Bernoulli hyper-edge percolation on Zd

TL;DR

This paper studies Bernoulli hyper-edge percolation on integer lattices, exploring phase transitions, cluster uniqueness, and supercritical behavior in a generalized percolation model involving hyper-edges connecting multiple vertices.

Contribution

It introduces conditions for phase transitions, cluster uniqueness, and Grimmett-Marstrand type results in hyper-edge percolation, extending classical percolation theory to hyper-graphs.

Findings

Conditions for non-trivial phase transitions identified.

Criteria for the uniqueness of the infinite cluster established.

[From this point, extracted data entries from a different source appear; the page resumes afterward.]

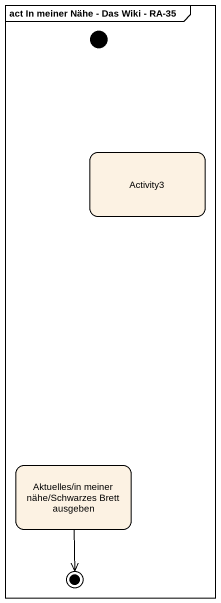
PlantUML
@startuml
mainframe act In meiner Nähe - Das Wiki - RA-35
hide empty description
state initial1 <<start>>
state Activity3
state "Aktuelles/in meiner nähe/Schwarzes Brett ausgeben" as Aktuelles_in_meiner_nähe
Aktuelles_in_meiner_nähe --> [*]
@enduml

Supercritical regime behavior characterized with Grimmett-Marstrand type results.

Abstract

We consider Bernoulli hyper-edge percolation on $\mathbb{Z}^d$. This model is a generalization of Bernoulli bond percolation. An edge connects exactly two vertices and a hyper-edge connects more than two vertices. As in the classical Bernoulli bond percolation, we open hyper-edges independently in a homogeneous manner with certain probabilities parameterized by a parameter $u\in[0,1]$. We discuss conditions for non-trivial phase transitions when $u$ varies. We discuss the conditions for the uniqueness of the infinite cluster. Also, we provide conditions under which the Grimmett-Marstrand type theorem holds in the supercritical regime.